Saturday, January 27, 2007

The Quintessential MIPS Assembly Language Script

This small program demonstrates what you need to get started developing assembly language scripts for the MIPS architecture. You only need two tools: a SPIM simulator (e.g. PCSpim v2.03) and a text editor (notepad).

This script demonstrates:
  1. How to declare integer and string variables, and arrays.
  2. How to manipulate arrays.
  3. Using the la (load address), lw (load word), sw (save word), add (addition), addi (add immediate), sub (subtract) instructions.
  4. How to print string and integers to the console.
  5. How to organize a basic assembly language script.
  6. How to exit the program.
When you load the script into PCSpim, the .data section is executed. The data segment is an area in memory where data for the program is stored. In the script, I declare a variable called 'num' of type .word and assign it the value 7. An array is declared by providing a sequence of values, and a string by using the .asciiz type and providing a message in double quotes. PCSpim shows the data segment for our program as such:
[0x10010000]
0x00000007 0x00000002 0x00000004 0x00000006
[0x10010010]
0x00000008 0x0000000a 0x75736552 0x203a746c
These numbers are in hex. The first one ([0x10010000]) is the address in memory where the data is. On a 32-bit computer (like most we have these days), it means data is stored in 32-bit words (thirty two 1's and 0's). But we know that 8 bits = 1 byte, so 32 bits (1 word) = 4 bytes. This is the basis for showing the data as "0x00000007 0x00000002 0x00000004 0x00000006".
The first byte (0x00000007) is the number 7, the value of the variable 'num' in the script. The second byte (0x00000002) is the number 2, which is the first value of the variable named 'array', and so on. The second word is "[0x10010010] 0x00000008 0x0000000a 0x75736552 0x203a746c": it's at address 0x10010010 and contains 8 (0x00000008), 10 (0x0000000a), 'Resu' (0x75736552), and 'lt: ' (0x203a746c). If you notice, all data is loaded sequentially into data blocks the way it was written in the script.

Other observations:
  • la of a variable loads the address of the first element. If you lw a variable such as 'array', it'll load the value of the first element into the register.
  • Array values are dereferenced using 4 byte increments (4 bytes = 32 bits = 1 word).

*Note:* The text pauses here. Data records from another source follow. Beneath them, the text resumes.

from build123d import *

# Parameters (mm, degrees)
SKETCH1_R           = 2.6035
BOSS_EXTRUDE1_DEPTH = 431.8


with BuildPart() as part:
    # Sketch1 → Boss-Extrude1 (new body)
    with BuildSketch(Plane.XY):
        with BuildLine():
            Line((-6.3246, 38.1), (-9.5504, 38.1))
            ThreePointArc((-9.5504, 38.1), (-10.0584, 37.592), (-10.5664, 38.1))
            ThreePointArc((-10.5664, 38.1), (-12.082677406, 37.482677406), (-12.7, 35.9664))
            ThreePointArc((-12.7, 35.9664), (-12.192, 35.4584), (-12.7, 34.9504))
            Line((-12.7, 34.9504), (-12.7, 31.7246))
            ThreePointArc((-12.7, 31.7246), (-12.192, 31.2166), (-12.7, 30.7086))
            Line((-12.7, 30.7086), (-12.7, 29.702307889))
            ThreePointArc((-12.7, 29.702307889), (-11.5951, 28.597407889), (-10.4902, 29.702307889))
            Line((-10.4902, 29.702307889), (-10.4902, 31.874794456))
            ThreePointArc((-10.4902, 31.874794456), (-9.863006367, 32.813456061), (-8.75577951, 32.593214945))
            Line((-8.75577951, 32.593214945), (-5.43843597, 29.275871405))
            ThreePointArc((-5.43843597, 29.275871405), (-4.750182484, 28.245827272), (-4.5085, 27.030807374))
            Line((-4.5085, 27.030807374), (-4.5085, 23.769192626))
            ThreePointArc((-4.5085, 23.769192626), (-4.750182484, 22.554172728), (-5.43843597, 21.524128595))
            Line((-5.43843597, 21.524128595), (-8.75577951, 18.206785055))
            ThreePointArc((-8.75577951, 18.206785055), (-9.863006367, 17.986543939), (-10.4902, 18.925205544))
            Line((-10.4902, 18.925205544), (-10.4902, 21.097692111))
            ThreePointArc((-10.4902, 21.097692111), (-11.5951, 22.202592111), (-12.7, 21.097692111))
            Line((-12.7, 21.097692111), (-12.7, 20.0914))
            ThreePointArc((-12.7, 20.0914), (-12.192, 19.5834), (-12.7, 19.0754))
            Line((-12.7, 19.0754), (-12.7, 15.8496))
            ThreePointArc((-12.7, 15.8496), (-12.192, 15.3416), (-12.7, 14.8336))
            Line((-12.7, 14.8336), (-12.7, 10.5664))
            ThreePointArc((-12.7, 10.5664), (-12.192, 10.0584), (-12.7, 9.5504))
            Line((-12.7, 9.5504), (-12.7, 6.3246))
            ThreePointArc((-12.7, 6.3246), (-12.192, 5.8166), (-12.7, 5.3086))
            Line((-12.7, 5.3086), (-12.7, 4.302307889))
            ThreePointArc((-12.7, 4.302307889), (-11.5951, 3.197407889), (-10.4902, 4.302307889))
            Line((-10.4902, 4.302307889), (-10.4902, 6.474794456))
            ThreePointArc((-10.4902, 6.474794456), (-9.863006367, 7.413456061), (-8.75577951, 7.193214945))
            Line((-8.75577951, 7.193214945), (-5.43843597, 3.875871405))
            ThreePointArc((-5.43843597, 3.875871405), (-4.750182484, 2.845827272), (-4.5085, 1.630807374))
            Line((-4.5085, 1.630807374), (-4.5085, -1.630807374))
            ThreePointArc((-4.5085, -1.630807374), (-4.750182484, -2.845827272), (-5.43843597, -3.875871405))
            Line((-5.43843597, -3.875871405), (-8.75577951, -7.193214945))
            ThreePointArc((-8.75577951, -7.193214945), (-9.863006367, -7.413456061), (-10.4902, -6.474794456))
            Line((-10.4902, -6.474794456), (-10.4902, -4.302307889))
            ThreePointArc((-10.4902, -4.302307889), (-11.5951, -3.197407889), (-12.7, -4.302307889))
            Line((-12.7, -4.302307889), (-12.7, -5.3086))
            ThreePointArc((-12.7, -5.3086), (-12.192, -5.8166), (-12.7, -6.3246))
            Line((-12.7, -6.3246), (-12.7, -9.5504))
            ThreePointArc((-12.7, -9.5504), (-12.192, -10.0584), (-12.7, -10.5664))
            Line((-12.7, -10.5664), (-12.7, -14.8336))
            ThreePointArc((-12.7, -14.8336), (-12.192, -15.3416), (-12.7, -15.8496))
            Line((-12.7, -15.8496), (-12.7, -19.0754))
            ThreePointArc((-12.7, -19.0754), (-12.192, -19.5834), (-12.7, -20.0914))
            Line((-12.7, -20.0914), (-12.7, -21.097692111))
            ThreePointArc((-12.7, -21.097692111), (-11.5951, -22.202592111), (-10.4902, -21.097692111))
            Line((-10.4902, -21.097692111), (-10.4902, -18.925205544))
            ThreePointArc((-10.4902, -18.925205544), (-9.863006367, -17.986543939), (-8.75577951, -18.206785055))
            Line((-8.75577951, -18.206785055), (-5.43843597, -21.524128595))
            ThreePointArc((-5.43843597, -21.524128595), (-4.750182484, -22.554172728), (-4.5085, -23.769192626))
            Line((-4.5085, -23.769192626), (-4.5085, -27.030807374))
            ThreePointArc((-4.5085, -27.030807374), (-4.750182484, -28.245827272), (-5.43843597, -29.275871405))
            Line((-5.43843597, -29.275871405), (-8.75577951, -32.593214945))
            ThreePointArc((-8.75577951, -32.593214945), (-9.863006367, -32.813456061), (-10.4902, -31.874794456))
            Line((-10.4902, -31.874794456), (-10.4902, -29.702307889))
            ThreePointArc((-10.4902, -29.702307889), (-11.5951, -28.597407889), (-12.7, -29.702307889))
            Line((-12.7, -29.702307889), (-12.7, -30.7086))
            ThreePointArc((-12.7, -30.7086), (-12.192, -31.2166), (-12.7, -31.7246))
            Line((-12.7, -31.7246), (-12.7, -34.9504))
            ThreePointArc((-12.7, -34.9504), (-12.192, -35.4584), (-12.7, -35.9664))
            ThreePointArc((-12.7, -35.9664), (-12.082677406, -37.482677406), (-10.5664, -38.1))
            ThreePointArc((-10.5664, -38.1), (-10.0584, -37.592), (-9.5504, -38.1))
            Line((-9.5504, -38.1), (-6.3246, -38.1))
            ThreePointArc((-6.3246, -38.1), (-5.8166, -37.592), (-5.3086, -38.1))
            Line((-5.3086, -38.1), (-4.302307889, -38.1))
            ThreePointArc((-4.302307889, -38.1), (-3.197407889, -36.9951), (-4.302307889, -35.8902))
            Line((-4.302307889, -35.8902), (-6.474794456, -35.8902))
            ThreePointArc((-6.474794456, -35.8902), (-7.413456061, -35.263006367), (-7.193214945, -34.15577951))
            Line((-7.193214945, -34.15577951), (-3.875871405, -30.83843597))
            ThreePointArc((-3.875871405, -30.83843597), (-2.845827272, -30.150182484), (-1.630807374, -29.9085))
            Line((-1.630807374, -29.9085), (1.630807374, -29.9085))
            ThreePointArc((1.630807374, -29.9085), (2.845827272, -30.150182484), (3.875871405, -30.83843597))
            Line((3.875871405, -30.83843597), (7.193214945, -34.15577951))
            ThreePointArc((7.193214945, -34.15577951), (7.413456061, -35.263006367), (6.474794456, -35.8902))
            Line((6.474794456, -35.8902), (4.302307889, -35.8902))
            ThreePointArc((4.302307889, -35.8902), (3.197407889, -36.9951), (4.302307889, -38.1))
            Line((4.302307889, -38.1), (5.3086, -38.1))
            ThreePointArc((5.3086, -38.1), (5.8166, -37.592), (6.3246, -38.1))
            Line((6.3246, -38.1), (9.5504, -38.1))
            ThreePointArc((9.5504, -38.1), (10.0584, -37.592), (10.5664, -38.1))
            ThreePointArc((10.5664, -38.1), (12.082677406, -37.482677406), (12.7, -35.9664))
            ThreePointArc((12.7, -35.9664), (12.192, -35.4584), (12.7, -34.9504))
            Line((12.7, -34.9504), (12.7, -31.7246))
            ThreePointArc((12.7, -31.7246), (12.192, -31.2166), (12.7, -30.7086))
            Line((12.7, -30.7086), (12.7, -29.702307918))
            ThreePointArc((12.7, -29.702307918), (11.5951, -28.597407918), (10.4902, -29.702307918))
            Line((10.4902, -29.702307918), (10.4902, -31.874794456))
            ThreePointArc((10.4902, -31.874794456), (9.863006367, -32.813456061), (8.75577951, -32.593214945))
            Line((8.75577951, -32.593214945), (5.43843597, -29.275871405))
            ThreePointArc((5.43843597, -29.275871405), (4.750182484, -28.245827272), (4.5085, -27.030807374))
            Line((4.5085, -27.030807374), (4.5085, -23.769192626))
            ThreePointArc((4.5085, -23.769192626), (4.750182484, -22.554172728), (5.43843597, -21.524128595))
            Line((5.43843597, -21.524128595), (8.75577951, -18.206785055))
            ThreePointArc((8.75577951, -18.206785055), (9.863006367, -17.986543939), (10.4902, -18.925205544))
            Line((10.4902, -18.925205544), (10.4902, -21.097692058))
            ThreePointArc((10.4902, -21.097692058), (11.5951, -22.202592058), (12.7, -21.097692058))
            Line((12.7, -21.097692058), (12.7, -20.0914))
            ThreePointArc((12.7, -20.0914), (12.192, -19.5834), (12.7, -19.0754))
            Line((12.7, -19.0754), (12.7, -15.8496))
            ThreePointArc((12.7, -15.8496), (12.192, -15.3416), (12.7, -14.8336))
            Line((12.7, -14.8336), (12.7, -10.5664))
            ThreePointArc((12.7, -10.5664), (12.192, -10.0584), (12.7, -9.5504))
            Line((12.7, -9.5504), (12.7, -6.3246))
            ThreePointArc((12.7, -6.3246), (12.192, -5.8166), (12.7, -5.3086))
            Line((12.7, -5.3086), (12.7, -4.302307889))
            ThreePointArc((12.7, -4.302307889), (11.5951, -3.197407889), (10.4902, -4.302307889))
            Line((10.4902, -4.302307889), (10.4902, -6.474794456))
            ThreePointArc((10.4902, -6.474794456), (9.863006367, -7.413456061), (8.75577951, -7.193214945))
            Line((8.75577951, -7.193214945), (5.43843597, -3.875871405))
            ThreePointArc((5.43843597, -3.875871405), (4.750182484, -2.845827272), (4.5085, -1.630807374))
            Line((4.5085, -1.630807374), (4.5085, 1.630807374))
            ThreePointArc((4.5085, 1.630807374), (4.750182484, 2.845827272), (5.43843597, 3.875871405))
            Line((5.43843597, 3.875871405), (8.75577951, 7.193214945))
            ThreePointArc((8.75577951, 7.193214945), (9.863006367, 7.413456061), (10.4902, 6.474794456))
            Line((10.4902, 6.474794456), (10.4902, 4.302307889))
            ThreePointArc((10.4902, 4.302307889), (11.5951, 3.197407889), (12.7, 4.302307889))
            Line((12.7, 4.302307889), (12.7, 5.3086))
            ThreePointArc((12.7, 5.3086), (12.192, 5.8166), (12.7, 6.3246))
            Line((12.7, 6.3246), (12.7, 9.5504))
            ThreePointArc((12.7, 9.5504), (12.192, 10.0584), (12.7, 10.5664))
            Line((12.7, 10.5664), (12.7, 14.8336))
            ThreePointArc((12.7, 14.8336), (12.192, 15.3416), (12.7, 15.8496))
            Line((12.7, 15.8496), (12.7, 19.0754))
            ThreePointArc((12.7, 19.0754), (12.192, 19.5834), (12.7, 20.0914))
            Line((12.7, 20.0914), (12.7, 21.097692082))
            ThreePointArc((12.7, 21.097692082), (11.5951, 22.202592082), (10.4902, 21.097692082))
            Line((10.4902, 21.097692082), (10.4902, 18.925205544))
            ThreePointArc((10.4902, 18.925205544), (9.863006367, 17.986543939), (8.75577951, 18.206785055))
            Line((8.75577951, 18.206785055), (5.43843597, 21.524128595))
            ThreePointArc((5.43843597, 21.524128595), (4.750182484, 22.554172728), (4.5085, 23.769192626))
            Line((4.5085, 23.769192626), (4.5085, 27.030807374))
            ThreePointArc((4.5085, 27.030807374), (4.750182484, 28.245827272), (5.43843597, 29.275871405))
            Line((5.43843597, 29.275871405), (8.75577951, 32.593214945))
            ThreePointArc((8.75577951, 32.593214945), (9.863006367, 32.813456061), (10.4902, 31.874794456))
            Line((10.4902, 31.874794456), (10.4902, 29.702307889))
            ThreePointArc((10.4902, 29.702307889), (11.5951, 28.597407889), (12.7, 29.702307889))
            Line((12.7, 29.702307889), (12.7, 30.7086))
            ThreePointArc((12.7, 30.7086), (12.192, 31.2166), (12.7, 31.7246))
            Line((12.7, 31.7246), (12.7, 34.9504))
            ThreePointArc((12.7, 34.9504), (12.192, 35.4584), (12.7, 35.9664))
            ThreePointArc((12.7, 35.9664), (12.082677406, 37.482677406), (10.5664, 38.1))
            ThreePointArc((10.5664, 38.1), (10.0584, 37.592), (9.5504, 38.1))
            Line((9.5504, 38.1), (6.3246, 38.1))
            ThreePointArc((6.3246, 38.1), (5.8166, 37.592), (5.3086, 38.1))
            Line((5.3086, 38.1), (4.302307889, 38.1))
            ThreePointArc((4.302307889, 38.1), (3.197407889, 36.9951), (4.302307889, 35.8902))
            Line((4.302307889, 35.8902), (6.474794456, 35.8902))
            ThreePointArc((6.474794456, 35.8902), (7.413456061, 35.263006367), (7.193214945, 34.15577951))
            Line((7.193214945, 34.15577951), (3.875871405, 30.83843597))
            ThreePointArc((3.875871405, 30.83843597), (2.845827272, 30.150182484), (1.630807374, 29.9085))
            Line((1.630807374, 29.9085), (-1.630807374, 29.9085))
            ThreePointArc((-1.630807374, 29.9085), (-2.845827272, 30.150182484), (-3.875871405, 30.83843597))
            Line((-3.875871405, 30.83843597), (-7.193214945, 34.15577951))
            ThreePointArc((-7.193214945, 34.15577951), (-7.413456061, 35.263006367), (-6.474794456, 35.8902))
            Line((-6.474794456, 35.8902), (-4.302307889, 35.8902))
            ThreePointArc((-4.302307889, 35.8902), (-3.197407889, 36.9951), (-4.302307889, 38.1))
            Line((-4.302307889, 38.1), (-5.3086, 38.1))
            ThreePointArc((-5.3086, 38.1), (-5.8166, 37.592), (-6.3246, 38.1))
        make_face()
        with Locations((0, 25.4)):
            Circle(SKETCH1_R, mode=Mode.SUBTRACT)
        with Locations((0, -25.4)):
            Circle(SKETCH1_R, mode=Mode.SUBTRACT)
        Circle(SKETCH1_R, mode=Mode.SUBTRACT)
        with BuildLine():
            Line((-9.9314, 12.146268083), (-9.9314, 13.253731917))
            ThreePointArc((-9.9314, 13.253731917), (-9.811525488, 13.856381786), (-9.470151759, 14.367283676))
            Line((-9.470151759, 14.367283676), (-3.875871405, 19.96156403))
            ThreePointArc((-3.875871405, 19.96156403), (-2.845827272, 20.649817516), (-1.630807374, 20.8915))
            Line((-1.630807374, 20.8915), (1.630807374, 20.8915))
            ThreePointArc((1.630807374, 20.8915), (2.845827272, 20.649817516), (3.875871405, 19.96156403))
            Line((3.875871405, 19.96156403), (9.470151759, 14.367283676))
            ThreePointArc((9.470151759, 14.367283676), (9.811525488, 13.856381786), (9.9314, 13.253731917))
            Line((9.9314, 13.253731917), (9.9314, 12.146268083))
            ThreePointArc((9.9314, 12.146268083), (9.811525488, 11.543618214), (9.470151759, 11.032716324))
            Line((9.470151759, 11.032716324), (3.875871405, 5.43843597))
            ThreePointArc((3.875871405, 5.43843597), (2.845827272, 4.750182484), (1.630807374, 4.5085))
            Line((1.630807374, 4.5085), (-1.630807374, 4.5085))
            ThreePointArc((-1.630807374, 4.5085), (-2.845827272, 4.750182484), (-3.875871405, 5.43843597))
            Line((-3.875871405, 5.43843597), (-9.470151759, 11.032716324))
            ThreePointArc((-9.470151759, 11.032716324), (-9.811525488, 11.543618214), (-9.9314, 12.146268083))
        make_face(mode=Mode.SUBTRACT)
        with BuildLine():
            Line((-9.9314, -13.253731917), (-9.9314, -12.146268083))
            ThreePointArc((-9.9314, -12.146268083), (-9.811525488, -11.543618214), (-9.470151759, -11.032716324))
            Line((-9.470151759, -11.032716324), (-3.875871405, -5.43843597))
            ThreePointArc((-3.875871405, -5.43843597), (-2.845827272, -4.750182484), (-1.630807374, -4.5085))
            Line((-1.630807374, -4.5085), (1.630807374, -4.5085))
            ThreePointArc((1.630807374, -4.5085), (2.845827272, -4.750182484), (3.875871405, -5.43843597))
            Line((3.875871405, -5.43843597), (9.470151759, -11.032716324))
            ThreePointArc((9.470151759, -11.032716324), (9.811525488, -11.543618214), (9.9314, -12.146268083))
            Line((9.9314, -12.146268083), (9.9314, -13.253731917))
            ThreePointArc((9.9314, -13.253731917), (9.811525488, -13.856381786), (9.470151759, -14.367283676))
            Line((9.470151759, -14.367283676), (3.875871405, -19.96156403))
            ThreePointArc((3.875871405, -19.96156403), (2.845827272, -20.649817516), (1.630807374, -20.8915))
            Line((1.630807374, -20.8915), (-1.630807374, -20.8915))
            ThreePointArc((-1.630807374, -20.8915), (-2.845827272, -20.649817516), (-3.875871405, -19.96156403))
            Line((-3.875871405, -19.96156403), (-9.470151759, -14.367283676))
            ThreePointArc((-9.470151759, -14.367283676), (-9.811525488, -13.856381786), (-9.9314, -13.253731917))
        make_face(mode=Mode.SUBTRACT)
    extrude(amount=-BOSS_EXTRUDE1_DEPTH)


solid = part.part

So if array address is loaded in register $s0, the first element's value is 0($s0), second is 4($s0), and third is 8($s0), etc.
  • In the above example, the address of array element #1 (2) is 0x10010000 + 4 bytes = 0x10010004. That's basic address arithmetic for you.
  • Each character is stored as 8 bits. So a word (32 bits) can only contain 4 characters (e.g 'Results' would have to be split into 'Resu' and 'lts', and stored in two bytes (even if 'lts' doesn't quite fill a byte).
Why the heck would anyone learn assembly language? If you are a serious programmer, you want to know that assembly is the final stage your Java or C code is translated to before being ported to machine language (binary). Learning efficiencies that can be acheived at this stage may help with better compiler design and debugging. I like it for my endeavors in reverse engineering - this is where you learn what a program really does when you don't have it's source code or know the language it was written in.